Four minutes and eight seconds. That is how quickly Los Angeles Airport Police Division officers responded and stopped a gunman who had already killed one Transportation Security Administration (TSA) officer from carrying out his plan to kill even more.
A well-choreographed response to the 2013 shooting of a TSA agent at LAX.The November 1, 2013 attack at Los Angeles International Airport (LAX) made international headlines, and in the thick of it was California State University, Dominguez Hills (CSUDH) alumnus Patrick Gannon (’83, B.A., public administration), who at the time had been serving as chief of airport police for just over a year. In August 2016, he was promoted to his current position of deputy executive director of Homeland Security and Law Enforcement for Los Angeles World Airports (LAWA).
“Our response was pretty fast, and pretty remarkable that day. From that case I learned that you’ll never really know how you will react in such an emergency situation until you are actually confronted with one,” said Gannon. “You hope you’ll react well because you have trained and thought about it over and over to stay in the right frame of mind. But I was confident that the men and women who work here had the courage and the professionalism it takes to protect a big asset like this. And I was right.”
To Protect and Serve
Airport security and terrorism prevention efforts around the world were dramatically changed after the terrorist attacks in New York and Washington D.C. in 2001. However, LAX got its wake-up call in 1999 when an Al-Qaeda sympathizer was stopped trying to cross the Canadian border into Seattle with bomb-making equipment, and with the intention of attacking LAX, the world’s seventh largest airport.
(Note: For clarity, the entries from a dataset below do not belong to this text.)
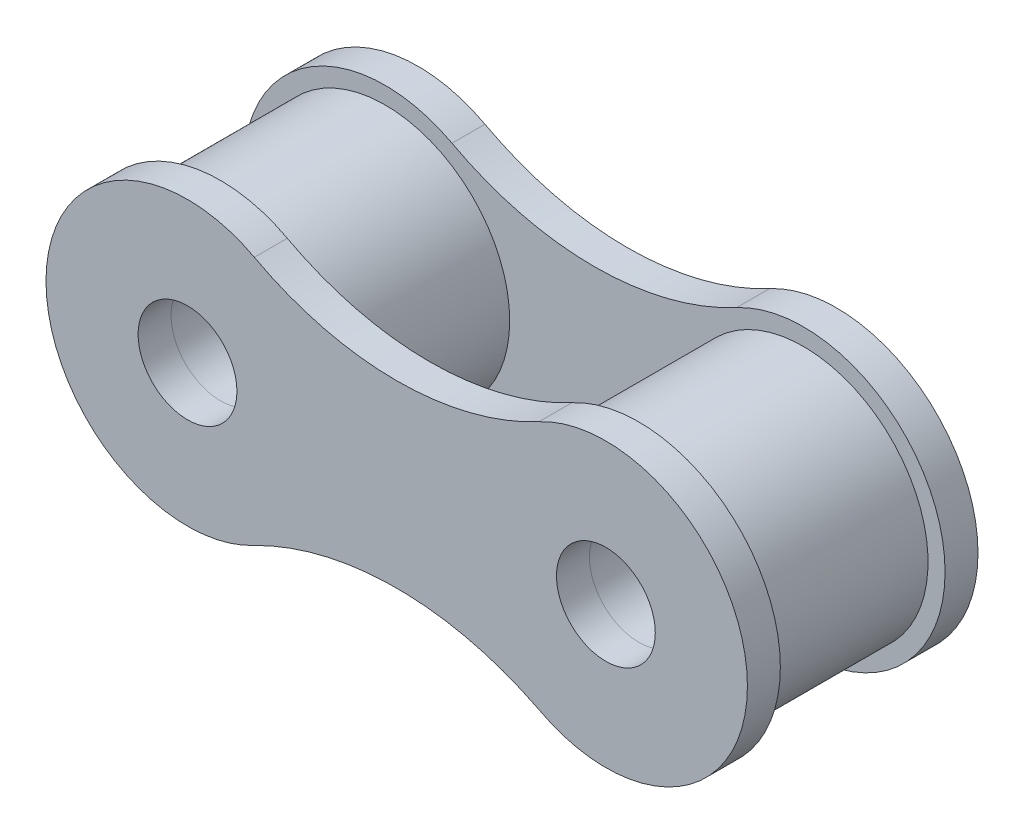
ISO-10303-21;
HEADER;
FILE_DESCRIPTION(('STEP AP214'),'2;1');
FILE_NAME('part.step','',(''),(''),'','','');
FILE_SCHEMA(('AUTOMOTIVE_DESIGN { 1 0 10303 214 1 1 1 1 }'));
ENDSEC;
DATA;
#1=APPLICATION_CONTEXT('core data for automotive mechanical design processes');
#2=APPLICATION_PROTOCOL_DEFINITION('international standard','automotive_design',2000,#1);
#3=PRODUCT_CONTEXT('',#1,'mechanical');
#4=PRODUCT('Part','Part','',(#3));
#5=PRODUCT_RELATED_PRODUCT_CATEGORY('part','',(#4));
#6=PRODUCT_DEFINITION_FORMATION('','',#4);
#7=PRODUCT_DEFINITION_CONTEXT('part definition',#1,'design');
#8=PRODUCT_DEFINITION('design','',#6,#7);
#9=PRODUCT_DEFINITION_SHAPE('','',#8);
#10=(LENGTH_UNIT() NAMED_UNIT(*) SI_UNIT(.MILLI.,.METRE.));
#11=(NAMED_UNIT(*) PLANE_ANGLE_UNIT() SI_UNIT($,.RADIAN.));
#12=(NAMED_UNIT(*) SI_UNIT($,.STERADIAN.) SOLID_ANGLE_UNIT());
#13=UNCERTAINTY_MEASURE_WITH_UNIT(LENGTH_MEASURE(1.E-05),#10,'distance_accuracy_value','');
#14=(GEOMETRIC_REPRESENTATION_CONTEXT(3) GLOBAL_UNCERTAINTY_ASSIGNED_CONTEXT((#13)) GLOBAL_UNIT_ASSIGNED_CONTEXT((#10,
#11,#12)) REPRESENTATION_CONTEXT('',''));
#15=CARTESIAN_POINT('',(0.,0.,0.));
#16=DIRECTION('',(0.,0.,1.));
#17=DIRECTION('',(1.,0.,0.));
#18=AXIS2_PLACEMENT_3D('',#15,#16,#17);
#19=CARTESIAN_POINT('',(3.175,5.92634311386175,-2.5));
#20=DIRECTION('',(0.,0.,1.));
#21=DIRECTION('',(1.,0.,0.));
#22=AXIS2_PLACEMENT_3D('',#19,#20,#21);
#23=PLANE('',#22);
#24=CARTESIAN_POINT('',(6.35,0.,-2.5));
#25=DIRECTION('',(0.,0.,1.));
#26=DIRECTION('',(1.,0.,0.));
#27=AXIS2_PLACEMENT_3D('',#24,#25,#26);
#28=CIRCLE('',#27,1.5);
#29=CARTESIAN_POINT('',(7.85,0.,-2.5));
#30=VERTEX_POINT('',#29);
#31=EDGE_CURVE('E170',#30,#30,#28,.T.);
#32=ORIENTED_EDGE('',*,*,#31,.F.);
#33=EDGE_LOOP('',(#32));
#34=FACE_BOUND('',#33,.T.);
#35=CARTESIAN_POINT('',(6.35,0.,-2.5));
#36=DIRECTION('',(0.,0.,1.));
#37=DIRECTION('',(1.,0.,0.));
#38=AXIS2_PLACEMENT_3D('',#35,#36,#37);
#39=CIRCLE('',#38,1.51190476190476);
#40=CARTESIAN_POINT('',(7.86190476190476,0.,-2.5));
#41=VERTEX_POINT('',#40);
#42=EDGE_CURVE('E11',#41,#41,#39,.F.);
#43=ORIENTED_EDGE('',*,*,#42,.F.);
#44=EDGE_LOOP('',(#43));
#45=FACE_BOUND('',#44,.T.);
#46=ADVANCED_FACE('F34',(#34,#45),#23,.T.);
#47=CARTESIAN_POINT('',(-6.35,0.,2.5));
#48=DIRECTION('',(0.,0.,-1.));
#49=DIRECTION('',(-1.,0.,0.));
#50=AXIS2_PLACEMENT_3D('',#47,#48,#49);
#51=CYLINDRICAL_SURFACE('',#50,3.77976190476191);
#52=CARTESIAN_POINT('',(-6.35,0.,2.5));
#53=DIRECTION('',(0.,0.,1.));
#54=DIRECTION('',(1.,0.,0.));
#55=AXIS2_PLACEMENT_3D('',#52,#53,#54);
#56=CIRCLE('',#55,3.77976190476191);
#57=CARTESIAN_POINT('',(-2.57023809523809,0.,2.5));
#58=VERTEX_POINT('',#57);
#59=EDGE_CURVE('E43',#58,#58,#56,.T.);
#60=ORIENTED_EDGE('',*,*,#59,.F.);
#61=EDGE_LOOP('',(#60));
#62=FACE_BOUND('',#61,.T.);
#63=CARTESIAN_POINT('',(-6.35,0.,-2.5));
#64=DIRECTION('',(0.,0.,1.));
#65=DIRECTION('',(1.,0.,0.));
#66=AXIS2_PLACEMENT_3D('',#63,#64,#65);
#67=CIRCLE('',#66,3.77976190476191);
#68=CARTESIAN_POINT('',(-2.57023809523809,0.,-2.5));
#69=VERTEX_POINT('',#68);
#70=EDGE_CURVE('E198',#69,#69,#67,.T.);
#71=ORIENTED_EDGE('',*,*,#70,.T.);
#72=EDGE_LOOP('',(#71));
#73=FACE_BOUND('',#72,.T.);
#74=ADVANCED_FACE('F36',(#62,#73),#51,.T.);
#75=CARTESIAN_POINT('',(-6.35,0.,2.5));
#76=DIRECTION('',(0.,0.,-1.));
#77=DIRECTION('',(-1.,0.,0.));
#78=AXIS2_PLACEMENT_3D('',#75,#76,#77);
#79=CYLINDRICAL_SURFACE('',#78,1.51190476190476);
#80=CARTESIAN_POINT('',(-6.35,0.,2.5));
#81=DIRECTION('',(0.,0.,1.));
#82=DIRECTION('',(1.,0.,0.));
#83=AXIS2_PLACEMENT_3D('',#80,#81,#82);
#84=CIRCLE('',#83,1.51190476190476);
#85=CARTESIAN_POINT('',(-4.83809523809524,0.,2.5));
#86=VERTEX_POINT('',#85);
#87=EDGE_CURVE('E159',#86,#86,#84,.T.);
#88=ORIENTED_EDGE('',*,*,#87,.T.);
#89=EDGE_LOOP('',(#88));
#90=FACE_BOUND('',#89,.T.);
#91=CARTESIAN_POINT('',(-6.35,0.,-2.5));
#92=DIRECTION('',(0.,0.,1.));
#93=DIRECTION('',(1.,0.,0.));
#94=AXIS2_PLACEMENT_3D('',#91,#92,#93);
#95=CIRCLE('',#94,1.51190476190476);
#96=CARTESIAN_POINT('',(-4.83809523809524,0.,-2.5));
#97=VERTEX_POINT('',#96);
#98=EDGE_CURVE('E205',#97,#97,#95,.T.);
#99=ORIENTED_EDGE('',*,*,#98,.F.);
#100=EDGE_LOOP('',(#99));
#101=FACE_BOUND('',#100,.T.);
#102=ADVANCED_FACE('F242',(#90,#101),#79,.F.);
#103=CARTESIAN_POINT('',(-6.35,0.,-2.5));
#104=DIRECTION('',(0.,0.,1.));
#105=DIRECTION('',(1.,0.,0.));
#106=AXIS2_PLACEMENT_3D('',#103,#104,#105);
#107=CIRCLE('',#106,1.5);
#108=CARTESIAN_POINT('',(-4.85,0.,-2.5));
#109=VERTEX_POINT('',#108);
#110=EDGE_CURVE('E163',#109,#109,#107,.T.);
#111=ORIENTED_EDGE('',*,*,#110,.F.);
#112=EDGE_LOOP('',(#111));
#113=FACE_BOUND('',#112,.T.);
#114=ORIENTED_EDGE('',*,*,#98,.T.);
#115=EDGE_LOOP('',(#114));
#116=FACE_BOUND('',#115,.T.);
#117=ADVANCED_FACE('F220',(#113,#116),#23,.T.);
#118=CARTESIAN_POINT('',(0.,11.8526862277235,-3.5));
#119=DIRECTION('',(0.,0.,1.));
#120=DIRECTION('',(1.,0.,0.));
#121=AXIS2_PLACEMENT_3D('',#118,#119,#120);
#122=CYLINDRICAL_SURFACE('',#121,9.15020153115917);
#123=CARTESIAN_POINT('',(0.,11.8526862277235,-2.5));
#124=DIRECTION('',(0.,0.,-1.));
#125=DIRECTION('',(1.,0.,0.));
#126=AXIS2_PLACEMENT_3D('',#123,#124,#125);
#127=CIRCLE('',#126,9.15020153115917);
#128=CARTESIAN_POINT('',(4.32110438729198,3.78706505295007,-2.5));
#129=VERTEX_POINT('',#128);
#130=CARTESIAN_POINT('',(-4.32110438729198,3.78706505295008,-2.5));
#131=VERTEX_POINT('',#130);
#132=EDGE_CURVE('E176',#129,#131,#127,.T.);
#133=ORIENTED_EDGE('',*,*,#132,.F.);
#134=DIRECTION('',(0.,0.,1.));
#135=VECTOR('',#134,1.);
#136=CARTESIAN_POINT('',(4.32110438729198,3.78706505295007,-3.5));
#137=LINE('',#136,#135);
#138=CARTESIAN_POINT('',(4.32110438729198,3.78706505295007,-3.5));
#139=VERTEX_POINT('',#138);
#140=EDGE_CURVE('E51',#139,#129,#137,.T.);
#141=ORIENTED_EDGE('',*,*,#140,.F.);
#142=CARTESIAN_POINT('',(0.,11.8526862277235,-3.5));
#143=DIRECTION('',(0.,0.,-1.));
#144=DIRECTION('',(1.,0.,0.));
#145=AXIS2_PLACEMENT_3D('',#142,#143,#144);
#146=CIRCLE('',#145,9.15020153115917);
#147=CARTESIAN_POINT('',(-4.32110438729198,3.78706505295008,-3.5));
#148=VERTEX_POINT('',#147);
#149=EDGE_CURVE('E179',#139,#148,#146,.T.);
#150=ORIENTED_EDGE('',*,*,#149,.T.);
#151=DIRECTION('',(0.,0.,1.));
#152=VECTOR('',#151,1.);
#153=CARTESIAN_POINT('',(-4.32110438729198,3.78706505295008,-3.5));
#154=LINE('',#153,#152);
#155=EDGE_CURVE('E80',#148,#131,#154,.T.);
#156=ORIENTED_EDGE('',*,*,#155,.T.);
#157=EDGE_LOOP('',(#133,#141,#150,#156));
#158=FACE_BOUND('',#157,.T.);
#159=ADVANCED_FACE('F221',(#158),#122,.F.);
#160=CARTESIAN_POINT('',(6.35,0.,-3.5));
#161=DIRECTION('',(0.,0.,1.));
#162=DIRECTION('',(1.,0.,0.));
#163=AXIS2_PLACEMENT_3D('',#160,#161,#162);
#164=CYLINDRICAL_SURFACE('',#163,4.2963099425602);
#165=CARTESIAN_POINT('',(6.35,0.,-2.5));
#166=DIRECTION('',(0.,0.,1.));
#167=DIRECTION('',(-1.,0.,0.));
#168=AXIS2_PLACEMENT_3D('',#165,#166,#167);
#169=CIRCLE('',#168,4.2963099425602);
#170=CARTESIAN_POINT('',(4.32110438729198,-3.78706505295008,-2.5));
#171=VERTEX_POINT('',#170);
#172=EDGE_CURVE('E182',#171,#129,#169,.T.);
#173=ORIENTED_EDGE('',*,*,#172,.F.);
#174=DIRECTION('',(0.,0.,1.));
#175=VECTOR('',#174,1.);
#176=CARTESIAN_POINT('',(4.32110438729198,-3.78706505295008,-3.5));
#177=LINE('',#176,#175);
#178=CARTESIAN_POINT('',(4.32110438729198,-3.78706505295008,-3.5));
#179=VERTEX_POINT('',#178);
#180=EDGE_CURVE('E69',#179,#171,#177,.T.);
#181=ORIENTED_EDGE('',*,*,#180,.F.);
#182=CARTESIAN_POINT('',(6.35,0.,-3.5));
#183=DIRECTION('',(0.,0.,1.));
#184=DIRECTION('',(-1.,0.,0.));
#185=AXIS2_PLACEMENT_3D('',#182,#183,#184);
#186=CIRCLE('',#185,4.2963099425602);
#187=EDGE_CURVE('E186',#179,#139,#186,.T.);
#188=ORIENTED_EDGE('',*,*,#187,.T.);
#189=ORIENTED_EDGE('',*,*,#140,.T.);
#190=EDGE_LOOP('',(#173,#181,#188,#189));
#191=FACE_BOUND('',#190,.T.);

“It’s not lost on us that we are an attractive target. Al Qaeda never forgets—just look at the attempts they made on the World Trade Center before 9/11,” said Gannon, who also leads all counter-terrorism efforts for LAWA. “But it doesn’t have to be terrorism. I could be just someone who has something wrong, is bent on destruction, and wants to go someplace that is high profile. Unfortunately, LAX is iconic in that regard, at least in the Los Angeles region.”
Along with its “iconic” regional status,” LAX is the western United States’ top hub for international travel. More than 80 million people pass through the airport’s terminals each year, and protecting them is an immense undertaking for Gannon and the 1,100 officers and employees who serve under him.
In his position Gannon provides leadership, management oversight, and policy direction to all law enforcement and security staff at LAWA’s two airports: LAX and Van Nuys Airport. He also coordinates with other law-enforcement agencies, oversees emergency medical and fire-prevention services provided by the Los Angeles Fire Department, and is responsible for integrating the law enforcement and homeland security functions with Airport Operations and other aviation staff.
Another of Gannon’s major responsibilities is security credentialing the more than 52,000 people who work at LAWA airports, such as baggage handlers, vendors, and construction workers.
“We’re responsible for making sure that everyone who comes to work here should be working here. It’s a critical infrastructure, it is one of our largest operations, and it keeps people safe,” said Gannon. “Someone once described all our work as a ballet. Every piece has to be choreographed perfectly.”
Someone once described all our work as a ballet. Every piece has to be choreographed perfectly. – Patrick Gannon
Two months before joining LAWA, Gannon retired from the Los Angeles Police Department (LAPD) after 34 years of service, of which 12 years were at the executive management level. He was the third in a family of four generations to be LAPD officers. His son Michael Gannon (’08, B.A., public administration) is currently a sergeant in the department.
He was hired by the LAPD at the age of 22 after leaving CSUDH to start work, but returned to the university to finish his bachelor’s degree in public administration after his probation period on the police force had ended. He then went on to earn a master’s degree in public administration from the University of Southern California.
“I’m proud of the fact that I graduated from Cal State Dominguez Hills. It was great for me. It was small at the time. I did struggle a bit along the way, and actually left to find work,” he said. “While there, I met some really great people, some great professors, and I have fond memories of going there. Cal State Dominguez Hills has really stuck with me.”